В понедельник, встретившись, как обычно, с Алей на Гоголевском бульваре, Маша призналась ей, что твердо решила исчезнуть из Москвы, только не знает еще, каким образом… Странные звонки не дают покоя, но не это главное…

– Ну не станешь же ты заявление «по собственному желанию» подавать – смертный приговор самой себе подписывать?! – взбудоражилась подруга. – Надо, чтоб «комар носа не подточил»! Может, в Озерном скроешься у архимандрита, а? Но ведь туда еще незаметно просочиться нужно, а это…

– Нет-нет, Аленька! Под удар отца Артемия и сестер подставлять? Нет! Буду искать другие пути.

* * *

В среду был «неприсутственный» день в институте, и Мария, сломя голову, понеслась в Озерное. В полутемном храме дождавшись отца Артемия, в смятении горько раскаивалась в грехе гордыни и легкомыслии своем…

– Так ты куда же, Мария, бежать-то надумала? – озабоченно воскликнул архимандрит.

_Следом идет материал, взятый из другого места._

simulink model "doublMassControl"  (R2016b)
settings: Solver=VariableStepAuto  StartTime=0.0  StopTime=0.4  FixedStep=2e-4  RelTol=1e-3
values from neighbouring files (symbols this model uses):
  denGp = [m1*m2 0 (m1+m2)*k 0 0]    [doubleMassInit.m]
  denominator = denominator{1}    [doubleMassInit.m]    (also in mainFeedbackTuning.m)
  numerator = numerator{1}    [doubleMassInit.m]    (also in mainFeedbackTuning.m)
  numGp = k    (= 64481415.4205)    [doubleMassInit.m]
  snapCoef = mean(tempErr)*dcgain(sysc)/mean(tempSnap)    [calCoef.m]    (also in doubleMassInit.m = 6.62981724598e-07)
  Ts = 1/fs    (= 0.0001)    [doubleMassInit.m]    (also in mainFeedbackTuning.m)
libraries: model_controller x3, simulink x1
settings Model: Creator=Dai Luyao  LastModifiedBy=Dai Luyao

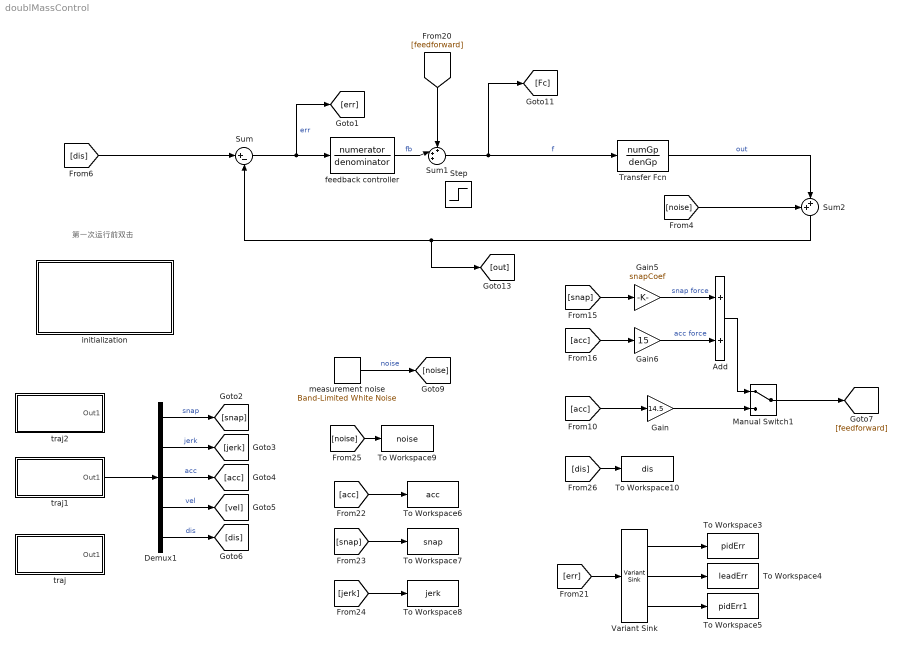
== system doublMassControl ==
  note: 第一次运行前双击
  Add : Sum
  Demux1 : Demux  Outputs=5
  Gain : Gain  Gain=14.5
  Gain5 : Gain  Gain=snapCoef
  Gain6 : Gain  Gain=15
  Manual Switch1 : ManualSwitch
  Step : Step  Time=0  After=0.2  SampleTime=0
  Sum : Sum  Inputs=|+-
  Sum1 : Sum  Inputs=+++|
  Sum2 : Sum  Inputs=++|
  To Workspace10 : ToWorkspace  VariableName=dis  SaveFormat=Structure With Time  SampleTime=-1
  To Workspace3 : ToWorkspace  VariableName=pidErr  SaveFormat=Structure With Time  SampleTime=-1
  To Workspace4 : ToWorkspace  VariableName=leadErr  SaveFormat=Structure With Time  SampleTime=-1
  To Workspace5 : ToWorkspace  VariableName=pidErr1  SaveFormat=Structure With Time  SampleTime=-1
  To Workspace6 : ToWorkspace  VariableName=acc  SaveFormat=Structure With Time  SampleTime=-1
  To Workspace7 : ToWorkspace  VariableName=snap  SaveFormat=Structure With Time  SampleTime=-1
  To Workspace8 : ToWorkspace  VariableName=jerk  SaveFormat=Structure With Time  SampleTime=-1
  To Workspace9 : ToWorkspace  VariableName=noise  SaveFormat=Structure With Time  SampleTime=-1
  Transfer Fcn : TransferFcn  Numerator=numGp  Denominator=denGp
  Variant Sink : VariantSink
  feedback controller : TransferFcn  Numerator=numerator  Denominator=denominator
  initialization : Subsystem
      settings: OpenFcn=doubleMassInit;  MoveFcn=edit doubleMassInit;
  measurement noise : simulink/Sources/Band-Limited White Noise  Cov=noisePower  Ts=Ts  seed=[23000]
  traj : Subsystem  BlockChoice=4th order traj
      link override 4th order traj: v=0.5  x=0.1  j=500
      settings: AttributesFormatString=%<BlockChoice>  TemplateBlock=model_controller/Profile Generators/traj  MemberBlocks=2th order traj,3rd order traj,4th order traj,step
  traj1 : Subsystem  BlockChoice=4th order traj
      link override 4th order traj: v=0.5  x=0.1  j=500
      settings: AttributesFormatString=%<BlockChoice>  TemplateBlock=model_controller/Profile Generators/traj  MemberBlocks=2th order traj,3rd order traj,4th order traj,step
  traj2 : Subsystem  BlockChoice=4th order traj
      link override 4th order traj: v=0.6  x=0.1  j=700  d=20000
      settings: AttributesFormatString=%<BlockChoice>  TemplateBlock=model_controller/Profile Generators/traj  MemberBlocks=2th order traj,3rd order traj,4th order traj,step
  wires:
  Sum/1 -> feedback controller/1, [err]  "err"
  feedback controller/1 -> Sum1/2  "fb"
  Sum1/1 -> Transfer Fcn/1, [Fc]  "f"
  measurement noise/1 -> [noise]  "noise"
  Transfer Fcn/1 -> Sum2/2  "out"
  [noise] -> Sum2/1
  Sum2/1 -> [out], Sum/2
  Demux1/1 -> [snap]  "snap"
  Demux1/2 -> [jerk]  "jerk"
  Demux1/3 -> [acc]  "acc"
  Demux1/4 -> [vel]  "vel"
  Demux1/5 -> [dis]  "dis"
  [acc] -> Gain/1
  [snap] -> Gain5/1
  [acc] -> Gain6/1
  Gain5/1 -> Add/1  "snap force"
  Gain6/1 -> Add/2  "acc force"
  Add/1 -> Manual Switch1/1
  Gain/1 -> Manual Switch1/2
  Manual Switch1/1 -> [feedforward]
  [err] -> Variant Sink/1
  Variant Sink/1 -> To Workspace3/1
  Variant Sink/2 -> To Workspace4/1
  Variant Sink/3 -> To Workspace5/1
  [acc] -> To Workspace6/1
  [snap] -> To Workspace7/1
  [jerk] -> To Workspace8/1
  traj1/1(Out1) -> Demux1/1
  [noise] -> To Workspace9/1
  [dis] -> To Workspace10/1
  [dis] -> Sum/1
  [feedforward] -> Sum1/1

== system doublMassControl/initialization ==

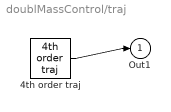
== system doublMassControl/traj ==
  4th order traj : model_controller/Profile Generators/4th order traj  t0=0  x=0.1  v=0.5  a=10  j=500  d=64000  Ts=0
  Out1 : Outport
  wires:
  4th order traj/1 -> Out1/1

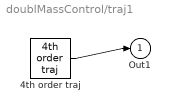
== system doublMassControl/traj1 ==
  4th order traj : model_controller/Profile Generators/4th order traj  t0=0  x=0.1  v=0.5  a=10  j=500  d=64000  Ts=0
  Out1 : Outport
  wires:
  4th order traj/1 -> Out1/1

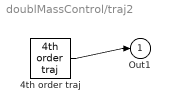
== system doublMassControl/traj2 ==
  4th order traj : model_controller/Profile Generators/4th order traj  t0=0  x=0.1  v=0.6  a=10  j=700  d=20000  Ts=0
  Out1 : Outport
  wires:
  4th order traj/1 -> Out1/1
simulink model "pointing_group24"  (R2023b)
settings: Solver=FixedStepAuto  StartTime=0.0  StopTime=T  RelTol=1e-3
values from neighbouring files (symbols this model uses):
  a = 6939    [Air_Drag_script.m]    (also in main.m = 6939.063; main_group24.m = 6978)
  AccMagn = 0.5    [main_group24.m]
  AccSunSens = 0.125    [main_group24.m]
  ARW = deg2rad(0.10)    [main_group24.m]
  by = 0.1    [main_group24.m]
  bz = 0.1    [main_group24.m]
  c = 2.99792*10^8    (= 299792000)    [main.m]    (also in main_group24.m = 299792458)
  Cd = 2.2    [main_group24.m]
  e = 0    [Air_Drag_script.m]    (also in main.m = 0.001304; main_group24.m)
  G = [gn, gm, gvali, gsvi]    [main.m]    (also in main_group24.m)
  GyroSampleRate = 10    [main_group24.m]
  H = [hn, hm, hvali, hsvi]    [main.m]    (also in main_group24.m)
  H_0 = ((g1_0^2)+(g1_1^2)+(h1_1^2))^0.5    (= 2.98059244128e-05)    [main_group24.m]
  i = deg2rad(97.5307)    [Air_Drag_script.m]    (also in main.m; main_group24.m = deg2rad(98))
  I_tot = [Ix 0 0; 0 Iy 0; 0 0 Iz]    [data_mass.m]    (also in main_group24.m)
  invI_tot = inv(I_tot)    [data_mass.m]    (also in main_group24.m)
  Ix = J(1,1)    [Air_Drag_script.m]    (also in data_mass.m = 0.0755003333333; main.m = 0.057749855; main_group24.m = 0.0755003333333)
  Iy = J(2,2)    [Air_Drag_script.m]    (also in data_mass.m = 0.0755003333333; main.m = 0.04143542; main_group24.m = 0.0755003333333)
  Iz = J(3,3)    [Air_Drag_script.m]    (also in data_mass.m = 0.055; main.m = 0.024624309; main_group24.m = 0.055)
  k1 = 5e-2    (= 0.05)    [main_group24.m]
  k2 = 2.5e-2    (= 0.025)    [main_group24.m]
  m = [0.1; 0.1; 0.1]    [main.m]    (also in main_group24.m)
  MB = [4; 0.1; 0.1; 0.3]    [main.m]    (also in main_group24.m)
  MMnoise = 15e-9*[1; 1; 1]    [main_group24.m]
  MMSampleRate = 1    [main_group24.m]
  mu = 3.98600433e+5    (= 398600.433)    [main.m]    (also in main_group24.m)
  n = 0.0011    [Air_Drag_script.m]    (also in main.m = sqrt(mu/a^3); main_group24.m = sqrt(mu/a^3))
  n_E = 729.2e-07    (= 7.292e-05)    [main_group24.m]
  om_E = 0.000072921    (= 7.2921e-05)    [main_group24.m]
  P = Fe/c    (= 4.52980041279e-06)    [main_group24.m]
  q0 = [ 1 1 1 1 ]'    [Air_Drag_script.m]    (also in main_group24.m = [0 0 0 1]')
  R_e = 6378    [main.m]    (also in main_group24.m)
  rho_air = 1.65e-13    [Air_Drag_script.m]    (also in main_group24.m = 6.967e-13)
  rho_d_body = 0.1*2/3    (= 0.0666666666667)    [main_group24.m]
  rho_d_sp = 0.1*2/3    (= 0.0666666666667)    [main_group24.m]
  rho_s_body = 0.5    [main_group24.m]
  rho_s_sp = 0.1    [main_group24.m]
  RRW = deg2rad(0.3)    [main_group24.m]
  SP = [1; 0.3; 0.1; 0.01]    [main.m]    (also in main_group24.m = [0.25; 0.1; 0.3; 0.01])
undefined symbols (not defined in the file or in its folder): pan, s1, s2, s3, s4, s5, s6, thrust
libraries: vrlib x25, matrix_library x17, simulink_extras x8, sharedutil x3, simulink x1
(part 5 of 5)

== system pointing_group24/Desturbances/External Torques/Solar radiation/Torque arm MB/creazione raggi vettore tra CM MB e centro facce illuminate della faccia che ha come normale l'asse i/If Action Subsystem3 ==
  Action Port : ActionPort  ActionPortLabel=else
  Constant : Constant  Value=[0;0;0]
  Out1 : Outport
  wires:
  Constant/1 -> Out1/1

== system pointing_group24/Desturbances/External Torques/Solar radiation/Torque arm MB/creazione raggi vettore tra CM MB e centro facce illuminate della faccia che ha come normale l'asse i/If Action Subsystem4 ==
  Areas_vect : Inport
  MB : Inport  Port=2
  Action Port : ActionPort  ActionPortLabel=if(u1<0 & u2>0)
  Add : Sum  Inputs=+|-
  Add1 : Sum  Inputs=+|-
  Add2 : Sum
  Demux : Demux  Outputs=3
  Demux2 : Demux
  Divide : Product  Inputs=*/
  Divide1 : Product  Inputs=*/
  Gain{,1..3} (4 alike) : Gain  Gain=1/2
  Gain4 : Gain  Gain=-1
  Ground : Ground
  Ground1 : Ground
  Mux : Mux  Inputs=3
  Mux1 : Mux  Inputs=3
  Reshape : Reshape  OutputDimensionality=Column vector (2-D)
  Reshape2 : Reshape  OutputDimensionality=Column vector (2-D)
  Reshape3 : Reshape  OutputDimensionality=Column vector (2-D)
  Terminator{1..2,8..9} (4 alike) : Terminator
  r_cface_cluce_zneg_y_pos : Outport
  wires:
  [h_MB] -> Divide1/2
  [b_MB] -> Gain2/1
  Add1/1 -> Mux1/2
  Gain4/1 -> Mux/3
  Add/1 -> Gain4/1
  [h_MB] -> Gain/1
  [b_MB] -> Divide/2
  Divide/1 -> Gain1/1
  Mux/1 -> Reshape2/1  "raggio vettore che collega il centro geom della faccia con il centro geom della faccia illuminata dal sole lungo -k"
  Gain1/1 -> Add/2
  Gain/1 -> Add/1
  Areas_vect/1 -> Reshape/1
  Ground1/1 -> Mux/1, Mux/2
  Reshape/1 -> Demux/1
  Mux1/1 -> Reshape3/1  "raggio vettore che collega il centro geom della faccia con il centro geom della faccia illuminata dal sole lungo j"
  Ground/1 -> Mux1/3, Mux1/1
  Gain3/1 -> Add1/2
  Gain2/1 -> Add1/1
  Divide1/1 -> Gain3/1
  Reshape2/1 -> Add2/1
  Reshape3/1 -> Add2/2
  Add2/1 -> r_cface_cluce_zneg_y_pos/1
  Demux/2 -> Terminator9/1
  Demux/3 -> Terminator8/1
  Demux/1 -> Divide1/1, Divide/1
  Demux2/1 -> Terminator2/1
  Demux2/2 -> Terminator1/1
  MB/1 -> Demux2/1
  Demux2/3 -> [b_MB]
  Demux2/4 -> [h_MB]

== system pointing_group24/Desturbances/External Torques/Solar radiation/Torque arm MB/creazione raggi vettore tra CM MB e centro facce illuminate della faccia che ha come normale l'asse i/If Action Subsystem5 ==
  Action Port : ActionPort  ActionPortLabel=else
  Constant : Constant  Value=[0;0;0]
  Out1 : Outport
  wires:
  Constant/1 -> Out1/1

== system pointing_group24/Desturbances/External Torques/Solar radiation/Torque arm MB/creazione raggi vettore tra CM MB e centro facce illuminate della faccia che ha come normale l'asse i/If Action Subsystem6 ==
  Action Port : ActionPort  ActionPortLabel=else
  Constant : Constant  Value=[0;0;0]
  Out1 : Outport
  wires:
  Constant/1 -> Out1/1

== system pointing_group24/Desturbances/External Torques/Solar radiation/Torque arm MB/creazione raggi vettore tra CM MB e centro facce illuminate della faccia che ha come normale l'asse i/If Action Subsystem8 ==
  Action Port : ActionPort  ActionPortLabel=else
  Constant : Constant  Value=[0;0;0]
  Out1 : Outport
  wires:
  Constant/1 -> Out1/1

== system pointing_group24/Desturbances/External Torques/Solar radiation/Torque arm MB/creazione raggi vettore tra CM MB e centro facce illuminate della faccia che ha come normale l'asse i/creating distance between cm MB and centro geom lato ==
  MB : Inport
  pointer : Inport  Port=2
  Demux : Demux
  Gain : Gain  Gain=1/2
  Ground : Ground
  Mux : Mux  Inputs=3
  Product : Product
  Reshape : Reshape  OutputDimensionality=Column vector (2-D)
  Terminator : Terminator
  Terminator1 : Terminator
  Terminator3 : Terminator
  Out1 : Outport
  wires:
  Reshape/1 -> Out1/1
  Mux/1 -> Reshape/1
  MB/1 -> Demux/1
  Demux/1 -> Terminator/1
  Demux/2 -> Terminator1/1
  Ground/1 -> Mux/3, Mux/1
  Demux/4 -> Terminator3/1
  Demux/3 -> Gain/1
  Product/1 -> Mux/2
  pointer/1 -> Product/2
  Gain/1 -> Product/1

== system pointing_group24/Desturbances/External Torques/Solar radiation/Torque arm MB/creazione raggi vettore tra CM MB e centro facce illuminate della faccia che ha come normale l'asse j/If Action Subsystem ==
  Areas_vect : Inport
  MB : Inport  Port=2
  Action Port : ActionPort  ActionPortLabel=if(u1>0 & u2>0)
  Add : Sum  Inputs=+|-
  Add1 : Sum  Inputs=+|-
  Add2 : Sum
  Demux : Demux  Outputs=3
  Demux2 : Demux
  Divide : Product  Inputs=*/
  Divide1 : Product  Inputs=*/
  Gain{,1..3} (4 alike) : Gain  Gain=1/2
  Ground : Ground
  Ground1 : Ground
  Mux : Mux  Inputs=3
  Mux1 : Mux  Inputs=3
  Reshape : Reshape  OutputDimensionality=Column vector (2-D)
  Reshape2 : Reshape  OutputDimensionality=Column vector (2-D)
  Reshape3 : Reshape  OutputDimensionality=Column vector (2-D)
  Terminator{1..2,8..9} (4 alike) : Terminator
  r_cface_cluce_xz_pos : Outport
  wires:
  Add/1 -> Mux/3
  Divide/1 -> Gain1/1
  Mux/1 -> Reshape2/1  "raggio vettore che collega il centro geom della faccia con il centro geom della faccia illuminata dal sole lungo k"
  Gain1/1 -> Add/2
  Demux/2 -> Divide1/1, Divide/1
  [h_MB] -> Gain/1
  Gain/1 -> Add/1
  [a_MB] -> Divide/2
  Areas_vect/1 -> Reshape/1
  Ground1/1 -> Mux/2, Mux/1
  Reshape/1 -> Demux/1
  Add1/1 -> Mux1/1
  [h_MB] -> Divide1/2
  Mux1/1 -> Reshape3/1  "raggio vettore che collega il centro geom della faccia con il centro geom della faccia illuminata dal sole lungo i"
  Ground/1 -> Mux1/2, Mux1/3
  Gain3/1 -> Add1/2
  Gain2/1 -> Add1/1
  Divide1/1 -> Gain3/1
  [a_MB] -> Gain2/1
  Reshape2/1 -> Add2/1
  Reshape3/1 -> Add2/2
  Add2/1 -> r_cface_cluce_xz_pos/1
  Demux/1 -> Terminator9/1
  Demux/3 -> Terminator8/1
  Demux2/1 -> Terminator2/1
  Demux2/2 -> [a_MB]
  MB/1 -> Demux2/1
  Demux2/3 -> Terminator1/1
  Demux2/4 -> [h_MB]

== system pointing_group24/Desturbances/External Torques/Solar radiation/Torque arm MB/creazione raggi vettore tra CM MB e centro facce illuminate della faccia che ha come normale l'asse j/If Action Subsystem1 ==
  Areas_vect : Inport
  MB : Inport  Port=2
  Action Port : ActionPort  ActionPortLabel=if(u1<0 & u2>0)
  Add : Sum  Inputs=+|-
  Add1 : Sum  Inputs=+|-
  Add2 : Sum
  Demux : Demux  Outputs=3
  Demux2 : Demux
  Divide : Product  Inputs=*/
  Divide1 : Product  Inputs=*/
  Gain{,1..3} (4 alike) : Gain  Gain=1/2
  Gain4 : Gain  Gain=-1
  Ground : Ground
  Ground1 : Ground
  Mux : Mux  Inputs=3
  Mux1 : Mux  Inputs=3
  Reshape : Reshape  OutputDimensionality=Column vector (2-D)
  Reshape2 : Reshape  OutputDimensionality=Column vector (2-D)
  Reshape3 : Reshape  OutputDimensionality=Column vector (2-D)
  Terminator{1..2,8..9} (4 alike) : Terminator
  r_cface_cluce_x_pos_z_neg : Outport
  wires:
  Demux/3 -> Terminator8/1
  Demux/1 -> Terminator9/1
  Add2/1 -> r_cface_cluce_x_pos_z_neg/1
  Reshape3/1 -> Add2/2
  Reshape2/1 -> Add2/1
  [a_MB] -> Gain2/1
  Divide1/1 -> Gain3/1
  Gain2/1 -> Add1/1
  Gain3/1 -> Add1/2
  Ground/1 -> Mux1/3, Mux1/2
  Mux1/1 -> Reshape3/1  "raggio vettore che collega il centro geom della faccia con il centro geom della faccia illuminata dal sole lungo i"
  [h_MB] -> Divide1/2
  Add1/1 -> Mux1/1
  Reshape/1 -> Demux/1
  Ground1/1 -> Mux/1, Mux/2
  Areas_vect/1 -> Reshape/1
  [a_MB] -> Divide/2
  Gain/1 -> Add/1
  [h_MB] -> Gain/1
  Demux/2 -> Divide/1, Divide1/1
  Gain1/1 -> Add/2
  Mux/1 -> Reshape2/1  "raggio vettore che collega il centro geom della faccia con il centro geom della faccia illuminata dal sole lungo -k"
  Divide/1 -> Gain1/1
  Add/1 -> Gain4/1
  Gain4/1 -> Mux/3
  Demux2/1 -> Terminator2/1
  Demux2/2 -> [a_MB]
  MB/1 -> Demux2/1
  Demux2/3 -> Terminator1/1
  Demux2/4 -> [h_MB]

== system pointing_group24/Desturbances/External Torques/Solar radiation/Torque arm MB/creazione raggi vettore tra CM MB e centro facce illuminate della faccia che ha come normale l'asse j/If Action Subsystem2 ==
  Areas_vect : Inport
  MB : Inport  Port=2
  Action Port : ActionPort  ActionPortLabel=if(u1>0 & u2<0)
  Add : Sum  Inputs=+|-
  Add1 : Sum  Inputs=+|-
  Add2 : Sum
  Demux : Demux  Outputs=3
  Demux2 : Demux
  Divide : Product  Inputs=*/
  Divide1 : Product  Inputs=*/
  Gain{,1..3} (4 alike) : Gain  Gain=1/2
  Gain4 : Gain  Gain=-1
  Ground : Ground
  Ground1 : Ground
  Mux : Mux  Inputs=3
  Mux1 : Mux  Inputs=3
  Reshape : Reshape  OutputDimensionality=Column vector (2-D)
  Reshape2 : Reshape  OutputDimensionality=Column vector (2-D)
  Reshape3 : Reshape  OutputDimensionality=Column vector (2-D)
  Terminator{1..2,8..9} (4 alike) : Terminator
  r_cface_cluce_x_neg_z_pos : Outport
  wires:
  Add/1 -> Mux/3
  Divide/1 -> Gain1/1
  Mux/1 -> Reshape2/1  "raggio vettore che collega il centro geom della faccia con il centro geom della faccia illuminata dal sole lungo k"
  Gain1/1 -> Add/2
  Demux/2 -> Divide1/1, Divide/1
  [h_MB] -> Gain/1
  Gain/1 -> Add/1
  [a_MB] -> Divide/2
  Areas_vect/1 -> Reshape/1
  Ground1/1 -> Mux/2, Mux/1
  Reshape/1 -> Demux/1
  [h_MB] -> Divide1/2
  Mux1/1 -> Reshape3/1  "raggio vettore che collega il centro geom della faccia con il centro geom della faccia illuminata dal sole lungo -i"
  Ground/1 -> Mux1/2, Mux1/3
  Gain3/1 -> Add1/2
  Gain2/1 -> Add1/1
  Divide1/1 -> Gain3/1
  [a_MB] -> Gain2/1
  Reshape2/1 -> Add2/1
  Reshape3/1 -> Add2/2
  Add2/1 -> r_cface_cluce_x_neg_z_pos/1
  Demux/1 -> Terminator9/1
  Demux/3 -> Terminator8/1
  Gain4/1 -> Mux1/1
  Add1/1 -> Gain4/1
  Demux2/1 -> Terminator2/1
  Demux2/2 -> [a_MB]
  MB/1 -> Demux2/1
  Demux2/3 -> Terminator1/1
  Demux2/4 -> [h_MB]

== system pointing_group24/Desturbances/External Torques/Solar radiation/Torque arm MB/creazione raggi vettore tra CM MB e centro facce illuminate della faccia che ha come normale l'asse j/If Action Subsystem3 ==
  Areas_vect : Inport
  MB : Inport  Port=2
  Action Port : ActionPort  ActionPortLabel=if(u1<0 & u2<0)
  Add : Sum  Inputs=+|-
  Add1 : Sum  Inputs=+|-
  Add2 : Sum
  Demux : Demux  Outputs=3
  Demux2 : Demux
  Divide : Product  Inputs=*/
  Divide1 : Product  Inputs=*/
  Gain{,1..3} (4 alike) : Gain  Gain=1/2
  Gain4 : Gain  Gain=-1
  Gain5 : Gain  Gain=-1
  Ground : Ground
  Ground1 : Ground
  Mux : Mux  Inputs=3
  Mux1 : Mux  Inputs=3
  Reshape : Reshape  OutputDimensionality=Column vector (2-D)
  Reshape2 : Reshape  OutputDimensionality=Column vector (2-D)
  Reshape3 : Reshape  OutputDimensionality=Column vector (2-D)
  Terminator{1..2,8..9} (4 alike) : Terminator
  r_cface_cluce_x_neg_z_neg : Outport
  wires:
  Add1/1 -> Gain4/1
  Gain4/1 -> Mux1/1
  Demux/3 -> Terminator8/1
  Demux/1 -> Terminator9/1
  Add2/1 -> r_cface_cluce_x_neg_z_neg/1
  Reshape3/1 -> Add2/2
  Reshape2/1 -> Add2/1
  [a_MB] -> Gain2/1
  Divide1/1 -> Gain3/1
  Gain2/1 -> Add1/1
  Gain3/1 -> Add1/2
  Ground/1 -> Mux1/3, Mux1/2
  Mux1/1 -> Reshape3/1  "raggio vettore che collega il centro geom della faccia con il centro geom della faccia illuminata dal sole lungo -i"
  [h_MB] -> Divide1/2
  Reshape/1 -> Demux/1
  Ground1/1 -> Mux/1, Mux/2
  Areas_vect/1 -> Reshape/1
  [a_MB] -> Divide/2
  Gain/1 -> Add/1
  [h_MB] -> Gain/1
  Demux/2 -> Divide/1, Divide1/1
  Gain1/1 -> Add/2
  Mux/1 -> Reshape2/1  "raggio vettore che collega il centro geom della faccia con il centro geom della faccia illuminata dal sole lungo -k"
  Divide/1 -> Gain1/1
  Add/1 -> Gain5/1
  Gain5/1 -> Mux/3
  Demux2/1 -> Terminator2/1
  Demux2/2 -> [a_MB]
  MB/1 -> Demux2/1
  Demux2/3 -> Terminator1/1
  Demux2/4 -> [h_MB]

== system pointing_group24/Desturbances/External Torques/Solar radiation/Torque arm MB/creazione raggi vettore tra CM MB e centro facce illuminate della faccia che ha come normale l'asse j/If Action Subsystem4 ==
  Action Port : ActionPort  ActionPortLabel=else
  Constant : Constant  Value=[0;0;0]
  Out1 : Outport
  wires:
  Constant/1 -> Out1/1

== system pointing_group24/Desturbances/External Torques/Solar radiation/Torque arm MB/creazione raggi vettore tra CM MB e centro facce illuminate della faccia che ha come normale l'asse j/If Action Subsystem5 ==
  Action Port : ActionPort  ActionPortLabel=else
  Constant : Constant  Value=[0;0;0]
  Out1 : Outport
  wires:
  Constant/1 -> Out1/1

== system pointing_group24/Desturbances/External Torques/Solar radiation/Torque arm MB/creazione raggi vettore tra CM MB e centro facce illuminate della faccia che ha come normale l'asse j/If Action Subsystem6 ==
  Action Port : ActionPort  ActionPortLabel=else
  Constant : Constant  Value=[0;0;0]
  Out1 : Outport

– На сегодня для меня, батюшка, один выход – за границу пробираться. Это отец мой уговорил меня, а друзья обещали помочь.

– Как же так, насовсем?!

– Нет, отец Артемий! Я же понимаю, какой грех, ради безопасности своей родину-то бросать! Насовсем? Такого я и представить не могу! Я вернусь, я чувствую это. Благословите на дорогу, батюшка!

* * *

Теперь ей оставалось только ждать известий от Антона Лаврина. «Может, мне самой позвонить этому Трофиму Трофимовичу?» – терзалась она сомнениями. И в один из поздних вечеров, не взирая на дождь и порывистый ветер, выскочила на улицу. Оглядевшись вокруг, быстро направилась к будке у безлюдного подъезда.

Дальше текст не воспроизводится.